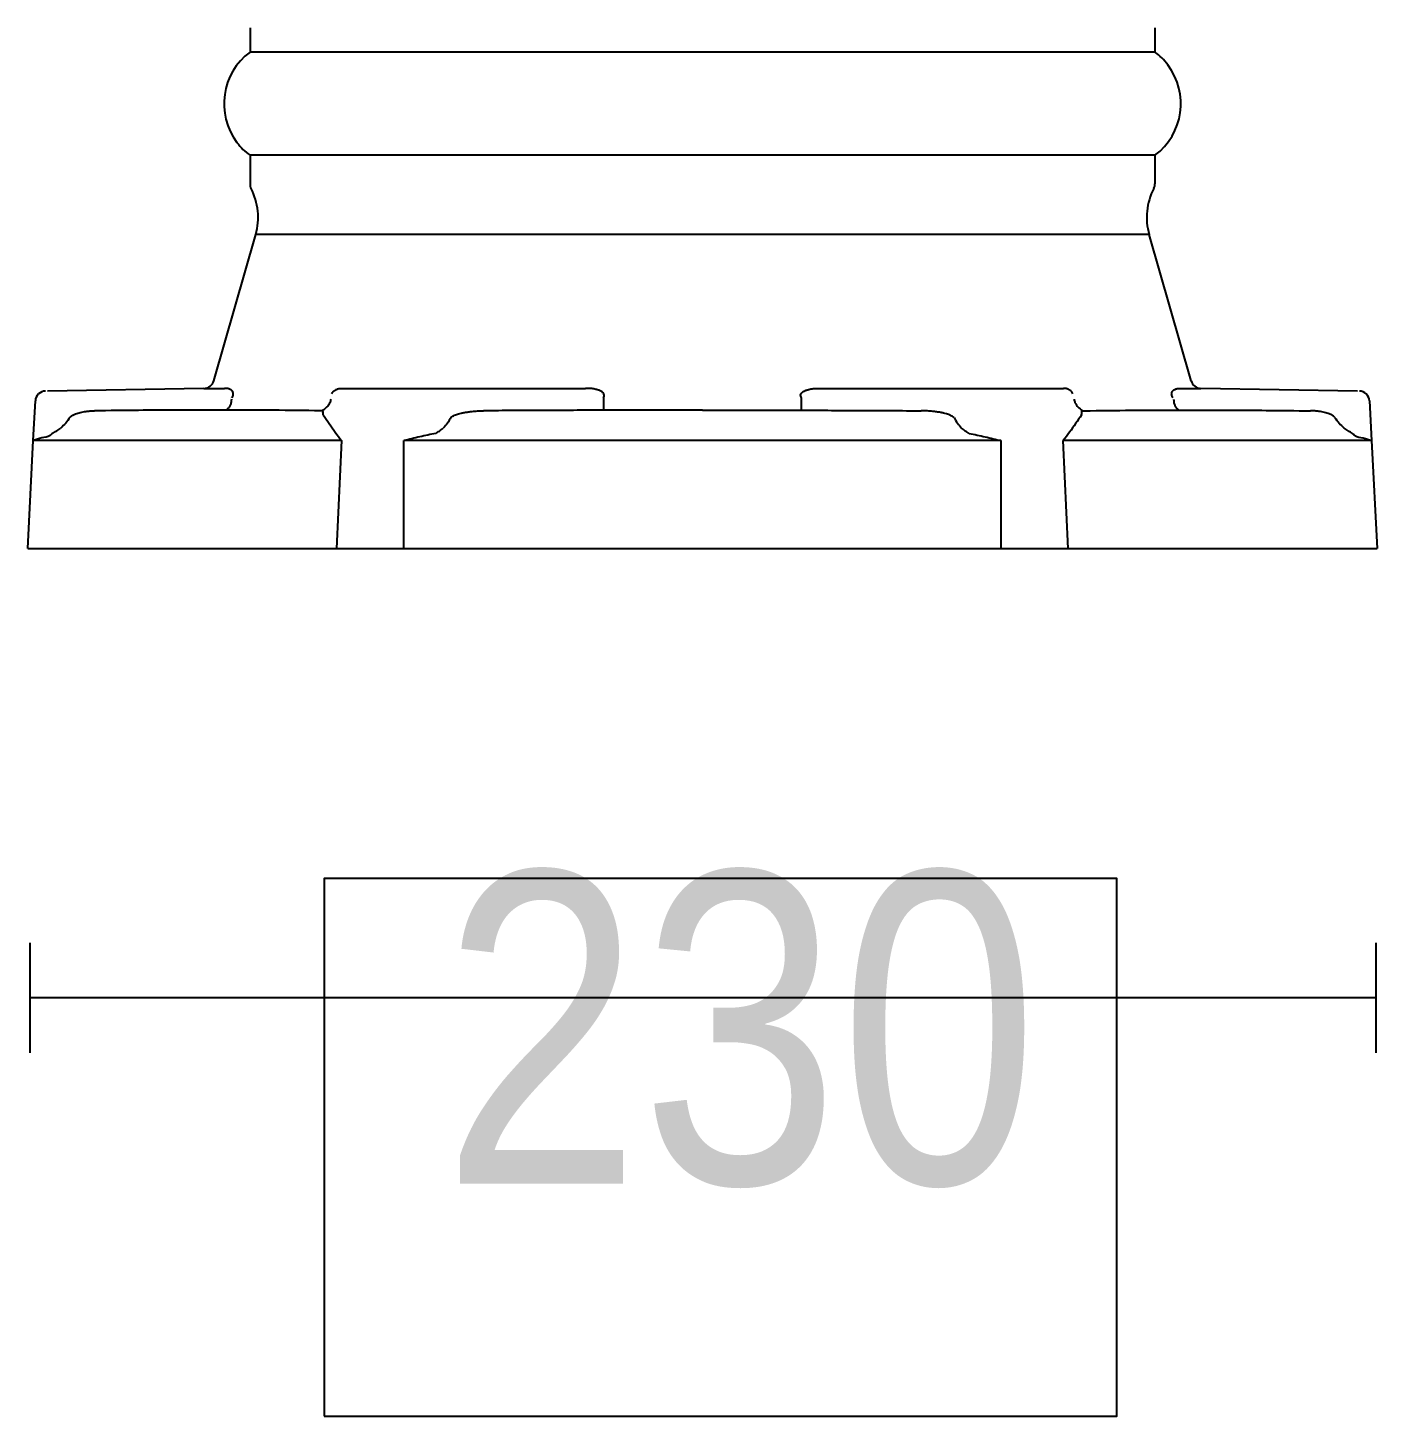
# Model space of a CAD drawing. Extents: x 0 to 275, y 0 to 470.
# Drawn here: x 47.42 to 92.13, y 0.04 to 46.04 of the extents above; entities that cross this region are included whole.
import ezdxf

# ---------------------------------------------------------------- set-up
doc = ezdxf.new("R2010")
doc.units = 0
doc.layers.add('LIVELLO_1', color=160, linetype='Continuous')
doc.styles.add('STD', font='txt')

# ---------------------------------------------------------------- blocks, each defined once
blk = doc.blocks.new('AI9-BLK1')
at = {"layer": 'LIVELLO_1', "color": 7}
for p, q in [((-83.043, -189.127), (-83.043, -189.93)), ((-53.06, -189.127), (-53.06, -189.93)), ((-53.06, -189.93), (-83.043, -189.93)), ((-83.043, -193.353), (-83.043, -194.296)), ((-53.06, -193.353), (-83.043, -193.353)), ((-53.06, -193.353), (-53.06, -194.296)), ((-84.243, -200.822), (-82.853, -195.972)), ((-53.254, -195.972), (-82.853, -195.972)), ((-51.865, -200.822), (-53.254, -195.972)), ((-84.57, -201.073), (-89.751, -201.161)), ((-84.57, -201.073), (-83.891, -201.073)), ((-80.02, -201.073), (-71.928, -201.073)), ((-71.337, -201.389), (-71.337, -201.799)), ((-64.771, -201.799), (-64.771, -201.389)), ((-64.18, -201.073), (-56.088, -201.073)), ((-52.216, -201.073), (-51.538, -201.073)), ((-46.352, -201.161), (-51.538, -201.073)), ((-90.224, -202.805), (-90.155, -201.485)), ((-45.953, -201.485), (-45.884, -202.805)), ((-90.407, -206.375), (-90.224, -202.805)), ((-80.012, -202.805), (-90.224, -202.805)), ((-80.012, -202.805), (-80.173, -206.375)), ((-77.946, -206.375), (-77.946, -202.805)), ((-68.052, -202.805), (-77.946, -202.805)), ((-58.163, -202.805), (-68.052, -202.805)), ((-58.163, -202.805), (-58.163, -206.375)), ((-45.884, -202.805), (-56.098, -202.805)), ((-55.935, -206.375), (-56.098, -202.805)), ((-45.884, -202.805), (-45.696, -206.375)), ((-90.407, -206.375), (-68.052, -206.375)), ((-68.052, -206.375), (-45.696, -206.375)), ((-90.34, -219.442), (-90.34, -223.089)), ((-45.745, -219.442), (-45.745, -223.089)), ((-45.745, -221.267), (-90.34, -221.267))]:
    blk.add_line(p, q, dxfattribs=at)
for points in [[(-80.624, -201.817), (-80.663, -201.817), (-80.705, -201.817)], [(-55.481, -201.817), (-55.44, -201.817), (-55.404, -201.817)]]:
    blk.add_lwpolyline(points, dxfattribs=at)
blk.add_lwpolyline([(-80.582, -235.123), (-54.328, -235.123), (-54.328, -217.308), (-80.582, -217.308)], close=True, dxfattribs=at)
for points, knots in [([(-83.043, -189.93), (-83.993, -190.64), (-84.185, -191.981), (-83.476, -192.926), (-83.352, -193.089), (-83.211, -193.234), (-83.043, -193.353)], [0, 0, 0, 0, 1, 1, 1, 2, 2, 2, 2]), ([(-53.06, -193.353), (-52.114, -192.643), (-51.92, -191.303), (-52.636, -190.358), (-52.756, -190.192), (-52.897, -190.05), (-53.06, -189.93)], [0, 0, 0, 0, 1, 1, 1, 2, 2, 2, 2]), ([(-83.65, -201.389), (-83.635, -201.369), (-83.622, -201.353), (-83.615, -201.333), (-83.609, -201.315), (-83.602, -201.299), (-83.602, -201.276), (-83.595, -201.267), (-83.595, -201.249), (-83.602, -201.238), (-83.602, -201.222), (-83.606, -201.211), (-83.609, -201.2), (-83.609, -201.193), (-83.613, -201.186), (-83.615, -201.179), (-83.622, -201.17), (-83.627, -201.168), (-83.632, -201.161), (-83.635, -201.152), (-83.641, -201.15), (-83.65, -201.145), (-83.653, -201.139), (-83.659, -201.136), (-83.668, -201.127), (-83.671, -201.125), (-83.678, -201.12), (-83.683, -201.118), (-83.694, -201.111), (-83.701, -201.107), (-83.704, -201.105), (-83.719, -201.1), (-83.73, -201.093), (-83.741, -201.091), (-83.754, -201.087), (-83.766, -201.082), (-83.783, -201.08), (-83.799, -201.08), (-83.814, -201.073), (-83.834, -201.073), (-83.834, -201.073), (-83.891, -201.073), (-83.891, -201.073)], [0, 0, 0, 0, 1, 1, 1, 2, 2, 2, 3, 3, 3, 4, 4, 4, 5, 5, 5, 6, 6, 6, 7, 7, 7, 8, 8, 8, 9, 9, 9, 10, 10, 10, 11, 11, 11, 12, 12, 12, 13, 13, 13, 14, 14, 14, 14]), ([(-83.659, -201.432), (-83.668, -201.464), (-83.668, -201.5), (-83.671, -201.534), (-83.678, -201.566), (-83.686, -201.595), (-83.701, -201.629), (-83.71, -201.658), (-83.726, -201.69), (-83.752, -201.717), (-83.778, -201.742), (-83.803, -201.767), (-83.834, -201.79)], [0, 0, 0, 0, 1, 1, 1, 2, 2, 2, 3, 3, 3, 4, 4, 4, 4]), ([(-80.367, -201.432), (-80.372, -201.453), (-80.379, -201.475), (-80.381, -201.493), (-80.385, -201.511), (-80.392, -201.534), (-80.397, -201.554)], [0, 0, 0, 0, 1, 1, 1, 2, 2, 2, 2]), ([(-80.33, -201.258), (-80.323, -201.245), (-80.316, -201.226), (-80.305, -201.211), (-80.293, -201.195), (-80.284, -201.181), (-80.272, -201.17), (-80.261, -201.163), (-80.249, -201.157), (-80.242, -201.145), (-80.233, -201.139), (-80.224, -201.136), (-80.215, -201.127), (-80.208, -201.125), (-80.202, -201.118), (-80.195, -201.111), (-80.189, -201.111), (-80.18, -201.105), (-80.177, -201.105), (-80.162, -201.1), (-80.154, -201.093), (-80.145, -201.091), (-80.133, -201.087), (-80.122, -201.082), (-80.111, -201.082), (-80.096, -201.08), (-80.085, -201.073), (-80.067, -201.073), (-80.067, -201.073), (-80.02, -201.073), (-80.02, -201.073)], [0, 0, 0, 0, 1, 1, 1, 2, 2, 2, 3, 3, 3, 4, 4, 4, 5, 5, 5, 6, 6, 6, 7, 7, 7, 8, 8, 8, 9, 9, 9, 10, 10, 10, 10]), ([(-71.337, -201.389), (-71.327, -201.369), (-71.316, -201.353), (-71.309, -201.333), (-71.305, -201.31), (-71.309, -201.292), (-71.316, -201.27), (-71.318, -201.258), (-71.327, -201.245), (-71.337, -201.233), (-71.347, -201.22), (-71.353, -201.211), (-71.367, -201.2), (-71.374, -201.193), (-71.386, -201.186), (-71.393, -201.179), (-71.404, -201.17), (-71.415, -201.168), (-71.425, -201.161), (-71.437, -201.152), (-71.451, -201.15), (-71.462, -201.145), (-71.473, -201.139), (-71.488, -201.136), (-71.504, -201.127), (-71.513, -201.125), (-71.53, -201.12), (-71.543, -201.118), (-71.557, -201.111), (-71.568, -201.107), (-71.583, -201.105), (-71.605, -201.1), (-71.627, -201.093), (-71.65, -201.091), (-71.676, -201.087), (-71.7, -201.082), (-71.722, -201.08), (-71.756, -201.08), (-71.789, -201.073), (-71.821, -201.073), (-71.821, -201.073), (-71.928, -201.073), (-71.928, -201.073)], [0, 0, 0, 0, 1, 1, 1, 2, 2, 2, 3, 3, 3, 4, 4, 4, 5, 5, 5, 6, 6, 6, 7, 7, 7, 8, 8, 8, 9, 9, 9, 10, 10, 10, 11, 11, 11, 12, 12, 12, 13, 13, 13, 14, 14, 14, 14]), ([(-64.771, -201.389), (-64.782, -201.369), (-64.792, -201.353), (-64.798, -201.333), (-64.803, -201.31), (-64.798, -201.292), (-64.792, -201.27), (-64.789, -201.258), (-64.782, -201.245), (-64.771, -201.233), (-64.763, -201.22), (-64.752, -201.211), (-64.741, -201.2), (-64.734, -201.193), (-64.721, -201.186), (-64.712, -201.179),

■ ■ ■ ■

* [Directions] Reproduce, word for word and in full, only the lines above that start at the line with "doc.layers.add('LIVELLO_1', color=160, linetype='Continuous')" and run through the line with "blk = doc.blocks.new('AI9-BLK1')", both ends included.

* [Task result]
doc.layers.add('LIVELLO_1', color=160, linetype='Continuous')
doc.styles.add('STD', font='txt')

# ---------------------------------------------------------------- blocks, each defined once
blk = doc.blocks.new('AI9-BLK1')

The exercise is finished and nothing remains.